___ RECORDS PROVIDED ___

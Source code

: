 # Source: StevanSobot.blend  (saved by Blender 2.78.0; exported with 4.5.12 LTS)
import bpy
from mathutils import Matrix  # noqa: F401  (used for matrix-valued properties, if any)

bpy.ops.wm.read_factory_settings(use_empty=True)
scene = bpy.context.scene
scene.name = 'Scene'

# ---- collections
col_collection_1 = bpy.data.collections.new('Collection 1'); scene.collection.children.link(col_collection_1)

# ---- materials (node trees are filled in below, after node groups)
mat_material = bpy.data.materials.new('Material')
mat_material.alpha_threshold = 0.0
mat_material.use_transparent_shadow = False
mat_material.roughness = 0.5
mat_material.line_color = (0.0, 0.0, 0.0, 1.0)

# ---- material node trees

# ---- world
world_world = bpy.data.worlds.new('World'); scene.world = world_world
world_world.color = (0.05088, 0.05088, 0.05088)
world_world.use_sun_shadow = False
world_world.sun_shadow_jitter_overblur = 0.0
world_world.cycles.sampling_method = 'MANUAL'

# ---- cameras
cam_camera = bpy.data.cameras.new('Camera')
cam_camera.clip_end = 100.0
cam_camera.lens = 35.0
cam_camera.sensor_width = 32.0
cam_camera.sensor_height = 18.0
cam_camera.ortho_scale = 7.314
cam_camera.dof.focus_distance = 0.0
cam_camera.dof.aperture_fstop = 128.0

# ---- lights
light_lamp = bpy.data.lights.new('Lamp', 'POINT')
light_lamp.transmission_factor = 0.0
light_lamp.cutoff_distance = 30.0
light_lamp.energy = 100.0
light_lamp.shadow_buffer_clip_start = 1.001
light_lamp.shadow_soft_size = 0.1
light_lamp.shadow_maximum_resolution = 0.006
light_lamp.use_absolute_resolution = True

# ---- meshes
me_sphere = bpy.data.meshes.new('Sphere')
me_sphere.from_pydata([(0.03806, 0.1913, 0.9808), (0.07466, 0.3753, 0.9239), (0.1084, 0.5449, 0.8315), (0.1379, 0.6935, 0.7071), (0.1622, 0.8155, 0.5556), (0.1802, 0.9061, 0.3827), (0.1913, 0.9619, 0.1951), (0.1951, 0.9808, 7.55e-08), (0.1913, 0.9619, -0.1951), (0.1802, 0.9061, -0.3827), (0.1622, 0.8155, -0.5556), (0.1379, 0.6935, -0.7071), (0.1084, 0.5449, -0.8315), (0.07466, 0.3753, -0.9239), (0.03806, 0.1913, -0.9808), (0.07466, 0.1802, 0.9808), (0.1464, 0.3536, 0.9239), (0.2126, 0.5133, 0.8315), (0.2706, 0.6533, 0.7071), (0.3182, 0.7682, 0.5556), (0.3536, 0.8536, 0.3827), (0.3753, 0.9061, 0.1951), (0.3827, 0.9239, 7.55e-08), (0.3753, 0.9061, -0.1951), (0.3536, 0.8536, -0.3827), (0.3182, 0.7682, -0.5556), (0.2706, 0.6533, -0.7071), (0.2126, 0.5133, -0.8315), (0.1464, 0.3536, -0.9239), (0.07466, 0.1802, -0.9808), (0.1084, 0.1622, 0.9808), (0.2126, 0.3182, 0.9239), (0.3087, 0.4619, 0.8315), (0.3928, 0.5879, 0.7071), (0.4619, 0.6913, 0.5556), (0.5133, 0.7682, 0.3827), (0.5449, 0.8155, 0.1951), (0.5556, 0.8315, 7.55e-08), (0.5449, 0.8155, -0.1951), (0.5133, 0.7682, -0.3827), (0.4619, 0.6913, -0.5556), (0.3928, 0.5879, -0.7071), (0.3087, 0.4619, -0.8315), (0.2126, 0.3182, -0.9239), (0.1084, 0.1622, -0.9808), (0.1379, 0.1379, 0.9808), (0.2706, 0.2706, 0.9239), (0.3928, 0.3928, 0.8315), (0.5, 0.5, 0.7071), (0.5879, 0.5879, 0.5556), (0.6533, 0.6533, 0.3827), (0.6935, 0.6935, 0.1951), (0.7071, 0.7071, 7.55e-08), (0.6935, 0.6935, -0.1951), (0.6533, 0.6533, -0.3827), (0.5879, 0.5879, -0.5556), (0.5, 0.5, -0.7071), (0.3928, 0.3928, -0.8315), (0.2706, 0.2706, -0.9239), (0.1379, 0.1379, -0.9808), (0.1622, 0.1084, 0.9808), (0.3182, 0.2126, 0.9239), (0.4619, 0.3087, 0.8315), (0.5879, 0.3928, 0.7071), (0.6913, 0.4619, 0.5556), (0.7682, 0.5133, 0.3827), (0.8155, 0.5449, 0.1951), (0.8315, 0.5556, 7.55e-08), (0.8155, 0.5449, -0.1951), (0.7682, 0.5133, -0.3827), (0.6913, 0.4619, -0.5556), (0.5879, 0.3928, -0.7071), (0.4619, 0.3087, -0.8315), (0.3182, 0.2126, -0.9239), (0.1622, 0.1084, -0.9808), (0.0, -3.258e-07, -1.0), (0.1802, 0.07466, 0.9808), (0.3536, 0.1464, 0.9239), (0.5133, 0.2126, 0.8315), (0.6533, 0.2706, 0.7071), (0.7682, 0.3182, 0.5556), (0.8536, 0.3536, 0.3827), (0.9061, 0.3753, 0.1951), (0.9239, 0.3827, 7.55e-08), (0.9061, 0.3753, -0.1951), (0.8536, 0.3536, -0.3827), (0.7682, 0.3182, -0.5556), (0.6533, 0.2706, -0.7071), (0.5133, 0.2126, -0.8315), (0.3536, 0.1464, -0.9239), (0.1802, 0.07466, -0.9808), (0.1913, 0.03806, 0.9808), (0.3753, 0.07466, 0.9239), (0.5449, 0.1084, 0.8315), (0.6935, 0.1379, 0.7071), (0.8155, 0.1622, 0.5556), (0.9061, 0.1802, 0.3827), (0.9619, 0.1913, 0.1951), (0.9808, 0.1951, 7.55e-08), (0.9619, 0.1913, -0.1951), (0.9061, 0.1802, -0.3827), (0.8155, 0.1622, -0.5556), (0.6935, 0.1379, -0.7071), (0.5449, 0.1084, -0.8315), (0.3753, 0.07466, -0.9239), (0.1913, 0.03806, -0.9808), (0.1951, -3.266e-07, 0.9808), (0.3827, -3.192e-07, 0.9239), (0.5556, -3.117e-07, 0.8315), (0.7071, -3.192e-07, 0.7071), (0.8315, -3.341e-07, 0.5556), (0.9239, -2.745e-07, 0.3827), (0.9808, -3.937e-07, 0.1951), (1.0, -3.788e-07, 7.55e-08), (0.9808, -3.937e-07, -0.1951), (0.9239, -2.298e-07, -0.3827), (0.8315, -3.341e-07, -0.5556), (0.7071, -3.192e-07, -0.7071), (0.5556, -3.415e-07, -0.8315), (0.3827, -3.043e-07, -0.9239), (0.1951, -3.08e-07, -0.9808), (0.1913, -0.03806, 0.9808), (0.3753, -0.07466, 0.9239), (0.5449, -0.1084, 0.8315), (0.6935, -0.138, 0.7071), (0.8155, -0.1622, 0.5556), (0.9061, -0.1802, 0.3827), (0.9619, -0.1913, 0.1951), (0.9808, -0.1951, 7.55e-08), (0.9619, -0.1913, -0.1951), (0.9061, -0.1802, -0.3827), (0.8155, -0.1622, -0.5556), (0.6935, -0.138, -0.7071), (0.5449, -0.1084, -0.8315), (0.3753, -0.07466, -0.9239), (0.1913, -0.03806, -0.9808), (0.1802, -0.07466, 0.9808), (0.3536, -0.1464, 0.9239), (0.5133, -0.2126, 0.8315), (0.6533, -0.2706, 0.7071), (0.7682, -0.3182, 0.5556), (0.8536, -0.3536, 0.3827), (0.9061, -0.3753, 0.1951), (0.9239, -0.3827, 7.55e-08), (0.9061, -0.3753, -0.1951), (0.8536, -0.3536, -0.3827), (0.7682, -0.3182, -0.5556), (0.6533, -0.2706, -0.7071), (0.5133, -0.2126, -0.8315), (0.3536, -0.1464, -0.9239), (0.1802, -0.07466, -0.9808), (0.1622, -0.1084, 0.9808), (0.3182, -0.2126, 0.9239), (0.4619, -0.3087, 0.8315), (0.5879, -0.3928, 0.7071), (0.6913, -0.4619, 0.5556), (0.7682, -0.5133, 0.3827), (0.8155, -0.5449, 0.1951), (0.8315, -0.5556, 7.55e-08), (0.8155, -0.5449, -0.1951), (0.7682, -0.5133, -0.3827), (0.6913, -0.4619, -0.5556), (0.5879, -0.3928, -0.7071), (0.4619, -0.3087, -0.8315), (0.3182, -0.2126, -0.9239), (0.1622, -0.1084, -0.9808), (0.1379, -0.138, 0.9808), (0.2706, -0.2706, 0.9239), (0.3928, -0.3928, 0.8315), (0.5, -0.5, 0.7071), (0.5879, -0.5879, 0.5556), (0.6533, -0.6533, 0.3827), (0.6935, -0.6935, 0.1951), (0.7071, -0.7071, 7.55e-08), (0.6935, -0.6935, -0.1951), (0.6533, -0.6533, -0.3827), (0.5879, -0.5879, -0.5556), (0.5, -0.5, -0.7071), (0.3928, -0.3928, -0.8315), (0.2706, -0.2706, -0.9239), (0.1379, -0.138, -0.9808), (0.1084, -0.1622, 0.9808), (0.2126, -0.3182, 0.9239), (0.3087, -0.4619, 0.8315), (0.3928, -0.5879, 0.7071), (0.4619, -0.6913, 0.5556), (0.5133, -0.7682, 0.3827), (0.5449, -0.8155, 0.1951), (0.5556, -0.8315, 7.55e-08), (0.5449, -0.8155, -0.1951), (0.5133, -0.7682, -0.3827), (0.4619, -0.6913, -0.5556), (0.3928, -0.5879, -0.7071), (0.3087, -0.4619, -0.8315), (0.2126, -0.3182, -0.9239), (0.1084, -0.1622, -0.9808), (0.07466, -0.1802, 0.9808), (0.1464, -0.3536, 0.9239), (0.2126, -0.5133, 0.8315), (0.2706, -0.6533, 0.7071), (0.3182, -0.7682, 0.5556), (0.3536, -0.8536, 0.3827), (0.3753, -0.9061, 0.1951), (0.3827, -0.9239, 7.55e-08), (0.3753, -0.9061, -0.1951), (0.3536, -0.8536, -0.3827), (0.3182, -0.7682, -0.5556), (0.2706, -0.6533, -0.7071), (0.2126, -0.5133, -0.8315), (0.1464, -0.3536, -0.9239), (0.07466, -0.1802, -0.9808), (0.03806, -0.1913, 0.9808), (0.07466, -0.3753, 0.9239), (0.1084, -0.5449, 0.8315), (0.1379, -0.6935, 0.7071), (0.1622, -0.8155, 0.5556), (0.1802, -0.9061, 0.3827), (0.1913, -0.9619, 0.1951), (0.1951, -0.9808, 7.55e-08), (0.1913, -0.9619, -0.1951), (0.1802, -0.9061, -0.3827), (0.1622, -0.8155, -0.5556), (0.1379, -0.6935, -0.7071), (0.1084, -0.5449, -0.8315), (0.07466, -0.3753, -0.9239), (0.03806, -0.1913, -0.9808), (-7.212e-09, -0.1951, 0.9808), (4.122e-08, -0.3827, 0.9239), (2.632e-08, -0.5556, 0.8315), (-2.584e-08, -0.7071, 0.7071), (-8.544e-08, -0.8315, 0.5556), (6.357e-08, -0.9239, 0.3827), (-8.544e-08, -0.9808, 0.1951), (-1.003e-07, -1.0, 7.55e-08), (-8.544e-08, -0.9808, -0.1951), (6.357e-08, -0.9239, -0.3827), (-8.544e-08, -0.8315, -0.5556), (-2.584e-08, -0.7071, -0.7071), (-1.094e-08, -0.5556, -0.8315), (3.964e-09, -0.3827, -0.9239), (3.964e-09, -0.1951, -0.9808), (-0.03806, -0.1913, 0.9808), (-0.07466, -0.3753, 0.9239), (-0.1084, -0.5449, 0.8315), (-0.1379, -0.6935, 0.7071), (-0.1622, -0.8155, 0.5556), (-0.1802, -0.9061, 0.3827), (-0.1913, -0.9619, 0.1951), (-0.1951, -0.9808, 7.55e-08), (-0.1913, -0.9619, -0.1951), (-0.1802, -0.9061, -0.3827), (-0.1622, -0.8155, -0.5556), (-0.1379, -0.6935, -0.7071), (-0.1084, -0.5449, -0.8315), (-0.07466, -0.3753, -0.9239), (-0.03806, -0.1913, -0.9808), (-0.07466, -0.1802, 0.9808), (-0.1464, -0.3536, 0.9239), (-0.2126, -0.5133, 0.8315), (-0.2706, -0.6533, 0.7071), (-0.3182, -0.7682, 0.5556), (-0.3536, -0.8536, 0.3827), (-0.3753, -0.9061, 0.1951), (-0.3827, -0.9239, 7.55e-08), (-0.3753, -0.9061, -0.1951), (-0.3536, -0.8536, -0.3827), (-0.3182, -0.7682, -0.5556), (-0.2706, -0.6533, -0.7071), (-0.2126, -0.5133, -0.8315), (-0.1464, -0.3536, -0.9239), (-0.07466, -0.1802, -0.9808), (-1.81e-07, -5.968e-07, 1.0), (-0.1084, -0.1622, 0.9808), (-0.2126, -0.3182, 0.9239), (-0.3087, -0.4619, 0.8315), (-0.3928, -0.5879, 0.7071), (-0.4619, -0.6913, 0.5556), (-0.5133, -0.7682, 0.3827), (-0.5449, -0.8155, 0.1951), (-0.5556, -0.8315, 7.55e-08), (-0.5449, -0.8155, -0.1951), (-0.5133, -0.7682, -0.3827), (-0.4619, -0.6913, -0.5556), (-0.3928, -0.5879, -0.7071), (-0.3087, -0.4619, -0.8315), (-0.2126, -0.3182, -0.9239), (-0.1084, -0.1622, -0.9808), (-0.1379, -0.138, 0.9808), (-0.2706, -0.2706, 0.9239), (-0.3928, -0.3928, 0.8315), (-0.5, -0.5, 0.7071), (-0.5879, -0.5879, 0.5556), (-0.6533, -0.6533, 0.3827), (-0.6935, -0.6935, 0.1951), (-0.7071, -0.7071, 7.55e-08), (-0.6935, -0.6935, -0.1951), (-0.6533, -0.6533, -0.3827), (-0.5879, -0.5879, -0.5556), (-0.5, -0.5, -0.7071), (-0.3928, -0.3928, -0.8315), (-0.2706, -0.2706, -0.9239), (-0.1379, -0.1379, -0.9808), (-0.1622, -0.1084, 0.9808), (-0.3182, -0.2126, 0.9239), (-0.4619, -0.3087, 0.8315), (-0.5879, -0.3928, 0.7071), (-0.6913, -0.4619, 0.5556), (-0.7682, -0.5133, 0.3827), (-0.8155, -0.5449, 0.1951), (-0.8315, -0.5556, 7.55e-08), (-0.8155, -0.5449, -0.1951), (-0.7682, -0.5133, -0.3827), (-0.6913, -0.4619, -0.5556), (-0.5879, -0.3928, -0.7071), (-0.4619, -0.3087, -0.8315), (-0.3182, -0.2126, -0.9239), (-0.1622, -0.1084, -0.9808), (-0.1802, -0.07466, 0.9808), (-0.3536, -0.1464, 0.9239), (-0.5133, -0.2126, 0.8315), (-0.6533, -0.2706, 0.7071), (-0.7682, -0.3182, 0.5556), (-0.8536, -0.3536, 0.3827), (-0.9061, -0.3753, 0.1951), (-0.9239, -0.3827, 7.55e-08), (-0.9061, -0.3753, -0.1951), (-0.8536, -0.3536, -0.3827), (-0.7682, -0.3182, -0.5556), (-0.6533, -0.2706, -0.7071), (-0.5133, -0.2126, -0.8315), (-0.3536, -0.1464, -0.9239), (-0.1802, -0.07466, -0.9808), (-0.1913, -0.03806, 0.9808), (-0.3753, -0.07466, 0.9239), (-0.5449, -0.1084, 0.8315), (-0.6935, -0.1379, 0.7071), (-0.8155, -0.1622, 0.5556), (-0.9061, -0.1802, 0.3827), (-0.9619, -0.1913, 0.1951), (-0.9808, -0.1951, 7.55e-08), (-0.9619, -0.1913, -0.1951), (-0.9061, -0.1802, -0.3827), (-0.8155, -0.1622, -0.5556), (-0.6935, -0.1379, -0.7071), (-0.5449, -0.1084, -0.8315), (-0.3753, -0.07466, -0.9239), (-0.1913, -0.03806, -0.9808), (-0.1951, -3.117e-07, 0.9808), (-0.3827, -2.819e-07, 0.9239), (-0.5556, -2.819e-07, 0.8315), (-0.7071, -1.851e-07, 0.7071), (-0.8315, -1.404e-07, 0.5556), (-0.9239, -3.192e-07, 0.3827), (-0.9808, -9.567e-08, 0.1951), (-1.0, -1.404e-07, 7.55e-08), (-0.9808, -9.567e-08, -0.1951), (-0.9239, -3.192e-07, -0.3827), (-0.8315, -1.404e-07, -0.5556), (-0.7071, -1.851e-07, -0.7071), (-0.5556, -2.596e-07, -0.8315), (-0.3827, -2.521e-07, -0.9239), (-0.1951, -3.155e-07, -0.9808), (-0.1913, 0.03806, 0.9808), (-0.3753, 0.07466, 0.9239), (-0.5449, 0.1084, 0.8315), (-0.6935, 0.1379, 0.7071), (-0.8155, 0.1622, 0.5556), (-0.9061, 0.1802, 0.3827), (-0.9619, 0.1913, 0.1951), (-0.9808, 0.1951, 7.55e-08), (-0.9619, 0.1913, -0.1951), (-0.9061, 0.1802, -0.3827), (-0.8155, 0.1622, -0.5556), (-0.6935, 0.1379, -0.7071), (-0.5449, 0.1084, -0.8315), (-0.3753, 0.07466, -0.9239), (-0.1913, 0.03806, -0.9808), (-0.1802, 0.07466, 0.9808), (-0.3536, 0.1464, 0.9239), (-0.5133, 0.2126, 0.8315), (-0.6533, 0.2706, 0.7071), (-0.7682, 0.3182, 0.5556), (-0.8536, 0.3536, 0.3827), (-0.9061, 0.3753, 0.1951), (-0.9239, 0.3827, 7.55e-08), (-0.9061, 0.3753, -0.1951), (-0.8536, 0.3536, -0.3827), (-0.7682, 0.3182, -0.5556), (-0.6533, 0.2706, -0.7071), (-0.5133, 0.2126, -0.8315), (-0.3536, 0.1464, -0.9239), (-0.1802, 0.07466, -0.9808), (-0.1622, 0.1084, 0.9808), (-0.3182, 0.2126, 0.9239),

___

■ **WHAT YOU NEED TO DO**: Work out how many lines of the listing above include the word "True". Reply with nothing but the count.

■ **FINAL ANSWER**: 2